**Collected data entries**
-=-=-=-=-

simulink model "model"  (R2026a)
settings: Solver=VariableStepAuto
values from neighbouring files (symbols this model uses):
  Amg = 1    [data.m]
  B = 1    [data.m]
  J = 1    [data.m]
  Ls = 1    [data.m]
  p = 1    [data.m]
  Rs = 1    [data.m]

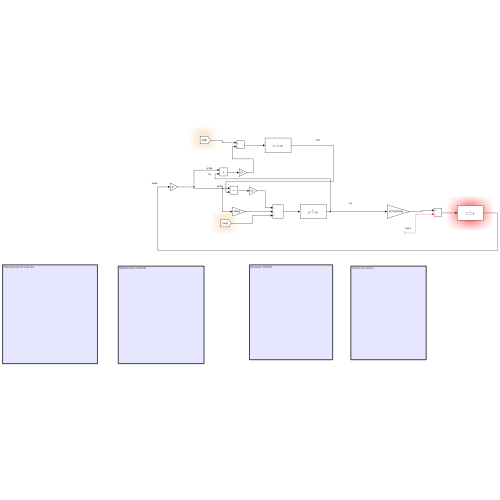
[thumbnail: Simulink's stored preview of the top-level diagram]
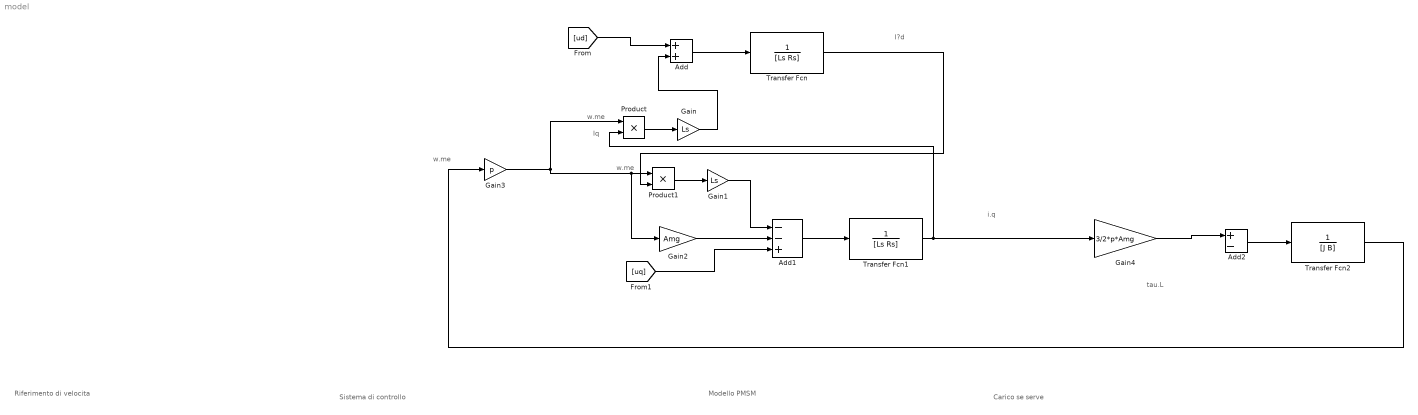
== system model ==
  note: tau.L
  note: w.me
  note: i.q
  note: I?d
  note: Iq
  note: w.me
  note: Carico se serve
  note: Riferimento di velocita
  note: Sistema di controllo
  note: Modello PMSM
  note: w.me
  Add : Sum
  Add1 : Sum  Inputs=--+
  Add2 : Sum  Inputs=+-
  Gain : Gain  Gain=Ls
  Gain1 : Gain  Gain=Ls
  Gain2 : Gain  Gain=Amg
  Gain3 : Gain  Gain=p
  Gain4 : Gain  Gain=3/2*p*Amg
  Product : Product
  Product1 : Product
  Transfer Fcn : TransferFcn  Denominator=[Ls Rs]
  Transfer Fcn1 : TransferFcn  Denominator=[Ls Rs]
  Transfer Fcn2 : TransferFcn  Denominator=[J B]
  wires:
  [ud] -> Add/1
  Product/1 -> Gain/1
  Gain/1 -> Add/2
  Add/1 -> Transfer Fcn/1
  Transfer Fcn/1 -> Product1/2
  Product1/1 -> Gain1/1
  Gain1/1 -> Add1/1
  Add1/1 -> Transfer Fcn1/1
  Transfer Fcn1/1 -> Product/2, Gain4/1
  [uq] -> Add1/3
  Gain2/1 -> Add1/2
  Gain3/1 -> Gain2/1, Product1/1, Product/1
  Transfer Fcn2/1 -> Gain3/1
  Gain4/1 -> Add2/1
  ? -> Add2/2
  Add2/1 -> Transfer Fcn2/1

-=-=-=-=-

**Directions**
Your task is to set down exactly the lines from the line containing "Add/1 -> Transfer Fcn/1" to the end of the data above, including both ends.

**Written answer**
  Add/1 -> Transfer Fcn/1
  Transfer Fcn/1 -> Product1/2
  Product1/1 -> Gain1/1
  Gain1/1 -> Add1/1
  Add1/1 -> Transfer Fcn1/1
  Transfer Fcn1/1 -> Product/2, Gain4/1
  [uq] -> Add1/3
  Gain2/1 -> Add1/2
  Gain3/1 -> Gain2/1, Product1/1, Product/1
  Transfer Fcn2/1 -> Gain3/1
  Gain4/1 -> Add2/1
  ? -> Add2/2
  Add2/1 -> Transfer Fcn2/1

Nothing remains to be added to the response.